Stat of the week: 64% don’t receive frequent recognition at work - athroop
http://blog.rypple.com/2010/10/64-dont-receive-frequent-recognition-at-work/

======
mcgraw
My first position during high school (1.5 yr fast food), only recieved
feedback during promotions. Jumped to the Marines and recieved a mega-ton of
feedback. Fastforward to now, I've been in my current technology position for
a year-and-a-half and the only time I heard feedback for my work was when a
promotion came. I recently took on some telecommute contract work saving a
product from failure and I receieved quite a bit of positive feedback (phone
have something to do with it?).

So yeah, sounds about right. I would attribute it to a lot of people in
leadership positions not really having training as to the processes of actual
leading people. They may know how to make a phenominal gantt chart, but most
of all flounder when it comes to maintaining interpersonal relationships.

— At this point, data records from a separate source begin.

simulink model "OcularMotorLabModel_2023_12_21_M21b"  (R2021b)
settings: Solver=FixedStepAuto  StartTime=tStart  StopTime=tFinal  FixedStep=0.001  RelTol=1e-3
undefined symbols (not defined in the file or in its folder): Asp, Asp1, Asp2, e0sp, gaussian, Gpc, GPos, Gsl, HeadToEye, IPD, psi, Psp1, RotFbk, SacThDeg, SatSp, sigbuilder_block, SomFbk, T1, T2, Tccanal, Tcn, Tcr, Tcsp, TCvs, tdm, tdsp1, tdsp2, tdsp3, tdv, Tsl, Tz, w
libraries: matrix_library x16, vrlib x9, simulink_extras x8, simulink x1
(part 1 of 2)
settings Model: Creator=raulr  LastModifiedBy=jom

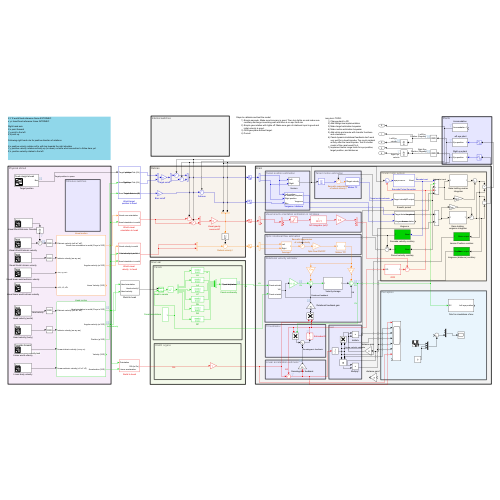
[thumbnail: Simulink's stored preview of the top-level diagram]
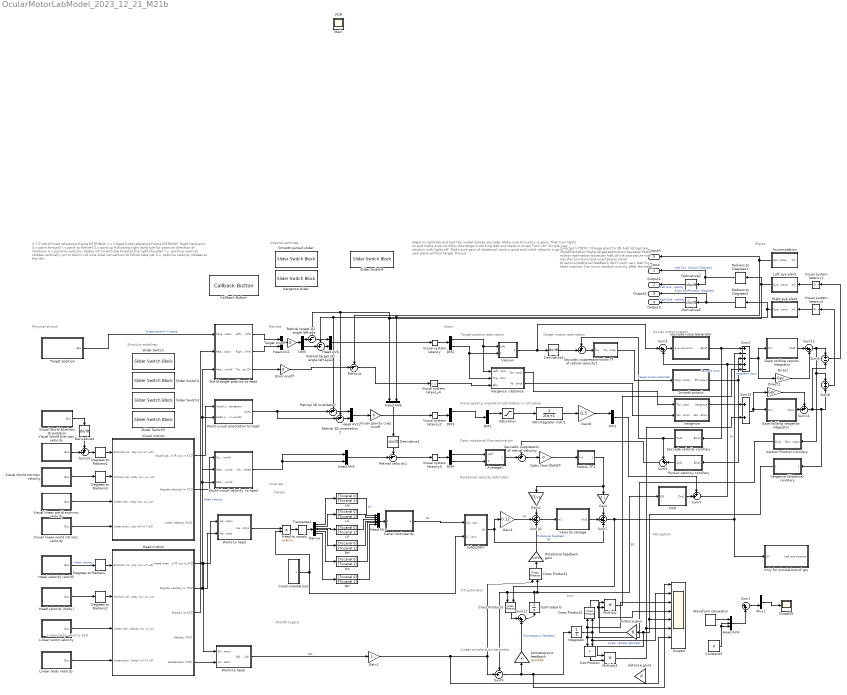
== system OcularMotorLabModel_2023_12_21_M21b ==
  note: Linear body velocity bad
  note: Internal switches
  note: Stimulus switches
  note: Plants
  note: Steps to calibrate and test the model
      | Simple saccade. Make sure Accuracy is good. Then turn lights on and make sure corollary discharge is working well and there is no spv from okn
      | Simple yaw rotation with lights off. Make sure gain of rotational input is good and initial velocity is good.
      | OKN yaw plane without target.
      | Pursuit
  note: X Y Z world fixed reference frame EXTRINSIC
      | x y z head fixed reference frame INTRINSIC
      |
      | Right hand axis
      | X,x point forward
      | Y,y point to the left
      | Z,z point up
      |
      | Following right hand rule for positive direction of rotations
      |
      | X,x positive velocity rotates roll to with top towards the right shoulder
      | Y,y, positive velocity rotates vertically up (or down) not sure what convention to follow here yet
      | Z,z, positive velocity rotates to the left
  note: Brain
  note: Ocular motor system
  note: Perception
  note: Optic rotational flow estimation
  note: Rotational velocity estimator
  note: Linear acceleration estimator
  note: Tilt estimator
  note: Retinas
  note: Otolith organs
  note: Canals
  note: Inner ear
  note: Physical stimuli
  note: Visual gravity orientation estimation in roll plane
  note: Target motion estimation
  note: Target position estimation
  note: tvor
  note: Long term TODO:
      | Change plant to 3D
      | Add listings law implementation
      | Make target estimation bayesian
      | Make motion estimation bayesian
      | Add utricle and sacule with transfer functions and orientations
      | Canal dynamics/rotational feedback don't work very well for a head impulse. Too much residual activity after the head impulse. Test if a better model of the canal would fix it.
      | Implement better range limits for eye position, target position, and distances
  Accomodation : Subsystem
  Average1 : Subsystem
  Blurr on/off : Gain  Gain=0
  Callback Button : CallbackButton  PressDelay=500  RepeatInterval=0  ButtonText=Click to initialize
      settings: ClickFcn=|
      | %% Set parameters
      | tStart = 0;
      | tFinal = 60;
      | 
      | 
      | %% General
      | tdv = 0.050; % visual latency
      | tdm = 0.030; % Motor latency
      | 
      | 
      | %% plant
      | Tz = 0.08;
      | T1 = 0.3;
      | T2 = 0.01; % 0.012
      | w = 200;
      | psi = 1.2;
      | 
      | 
      | %% Saccade system
      | Gpc = 0.06;     % Gain of conjugate pulse
      | Gsl = 0.165;    % Gain of slide
      | Tsl = Tz;     % Tc slide
      | Tcn = 20;       % Tc conjugate neural integrator
      | Tcr = Tcn;       % Tc conjugate resettable integrator
      | 
      | Tep = 0.003;    % Tc motor error pole
      | DelC = 0.006;   % Saccade local feedback delay
      | e0 = 5;
      | AL = 440;
      | AR = 440;
      | lL = 10;
      | LR = 10;
      | SacThDeg = 0.2; % deg
      | 
      | %% Smooth pursuit
      | tdsp1 = 0.015;
      | tdsp2 = 0.035;
      | tdsp3 = 0.030;
      | 
      | Tcsp = 0.007;
      | e0sp = 4;
      | Asp1 = 10;
      | Asp2 = 5;
      | Asp = 1.1;
      | Psp1 = 0.95;
      | Tcsp2 = 0.015;
      | SatSp = 90;
      | 
      | %% Vestibular system
      | Tccanal = 5;
      | TCvs = 11.5;
      | RotFbk = 0.38;
      | SomFbk = 0.65;
      | 
      | %% Integrator
      | GPos = 0.02;
      | 
      | %% Other
      | IPD = 0.06;
      | HeadToEye = 0.05;
      | 
      | 
      | %% simulink initialization
      | signalbuilder([gcs '/Target position'],'activegroup',1)
      | signalbuilder([gcs '/Visual World Extrinsic Orientation'],'activegroup',1)
      | signalbuilder([gcs '/Visual World Extrinsic velocity'],'activegroup',1)
      | signalbuilder([gcs '/Visual World Intrinsic velocity'],'activegroup',1)
      | signalbuilder([gcs '/Visual linear world extrinsic velocity'],'activegroup',1)
      | signalbuilder([gcs '/Visual linear world intrinsic velocity'],'activegroup',1)
      | signalbuilder([gcs '/Head velocity (world)'],'activegroup',1)
      | signalbuilder([gcs '/Head velocity (body)'],'activegroup',1)
      | signalbuilder([gcs '/Linear world velocity'],'activegroup',1)
      | signalbuilder([gcs '/Linear body velocity'],'activegroup',1)
  Canal nonlinearity : Subsystem
  Canal orientations : Subsystem
      settings: PortSchema="{\"entries\":[{\"content\":{\"sides\":[{\"content\":{},\"type\":\"ConnectorPlacement.EquallySpacedRectSide\",\"uuid\":\"1890fa1c-a731-4097-a50e-c33b4fdeb748\"},{\"content\":{\"side\":\"RIGHT\"},\"type\":\"ConnectorPlacement.EquallySpacedRectSide\",\"uuid\":\"2c3145cb-6e74-4844-a72b-94f1b05b1506\"},{\"content\":{\"connectorIds\":[\"Out1\"],\"side\":\"TOP\"},\"type\":\"ConnectorPlacement.EquallySpacedRectSide\",\"uuid\":\"fc07cba5-d6ea-4677-bade-4c6849e180a0\"}]},\"type\":\"ConnectorPlacement.EquallySpacedConnector\",\"uuid\":\"12393832-c76e-4990-8b3e-fdad21d8dbc7\"}],\"packageUris\":[\"http://schema.mathworks.com/mf0/Connector/R2020b\"],\"version\":\"1.0\"}"
  Constant3 : Constant  Value=0
  Cross Product1 : vrlib/Utilities/Cross Product
  Cross Product2 : vrlib/Utilities/Cross Product
  Cross Product3 : vrlib/Utilities/Cross Product
  DM1 : Demux  Outputs=3
  DM{2..5} (4 alike) : Demux  Outputs=2
  Defocus : Sum  Inputs=-+|
  Degrees to Radians{,1..3} (4 alike) : simulink_extras/Transformations/Degrees to Radians
  Demux : Demux  Outputs=6
  Derivative{1..5} (5 alike) : Derivative
  Direct : Gain  Gain=Gpc
  Direct1 : Gain  Gain=Gpc
  Dot Product : DotProduct  InputSameDT=on  OutDataTypeStr=Inherit: Inherit via internal rule
  Estimated G : Integrator  InitialCondition=[0 0 -1]'
  Gain : Gain  Gain=0.1
  Gain1 : Gain
  Gain2 : Gain  Gain=TCvs
  Gain3 : Gain  Gain=0.12
  Gain8 : Gain  Gain=0.5
  Gaze holding vergence integrator : Subsystem
  Gaze holding version Integrator : Subsystem
  Head AV1 : Mux  Inputs=6
  Head AV{2,6,8..9,11} (5 alike) : Mux  Inputs=2
  Head AV4 : Mux  Inputs=3
  Head motion : Subsystem
  Head to canals : Product  Multiplication=Matrix(*)
  Head velocity (body) : Subsystem  Tag=STV Subsys  LoadFcn=sigbuilder_block('load');  StartFcn=sigbuilder_block('start');  StopFcn=sigbuilder_block('stop');  ClipboardFcn=sigbuilder_block('clipboard');  mask(Sigbuilder block){tuvar=[0:10]}
      mask help: Simulink:masks:SigbuilderBlock_MD
      mask init:
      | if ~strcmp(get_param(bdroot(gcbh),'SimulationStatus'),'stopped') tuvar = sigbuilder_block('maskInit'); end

The bottom line is that you have direct influence into a persons attitude,
good or bad. If you completely lash out against somebody, that will produce
negative results. If you praise and talk about what you liked about something,
that will be a motivational nudge. Find a good middle ground where you can
provide feedback both good/bad for somebody. Feedback is hugely important
otherwise the person is just lost/assuming their own way.

------
Construct
Even worse, many manager-types tend to be hands-off when everything is going
well but are quick to seize upon failures or shortcomings as they come up.
This has the unfortunate side effect of encouraging employees to keep a low
profile and not pursue anything risky or innovative. As innovation goes out
the window, the company stagnates.

I've had too many managers go this route, which is why I always make a point
to stop by coworkers' cubicles and thank them for their help or work on
different projects.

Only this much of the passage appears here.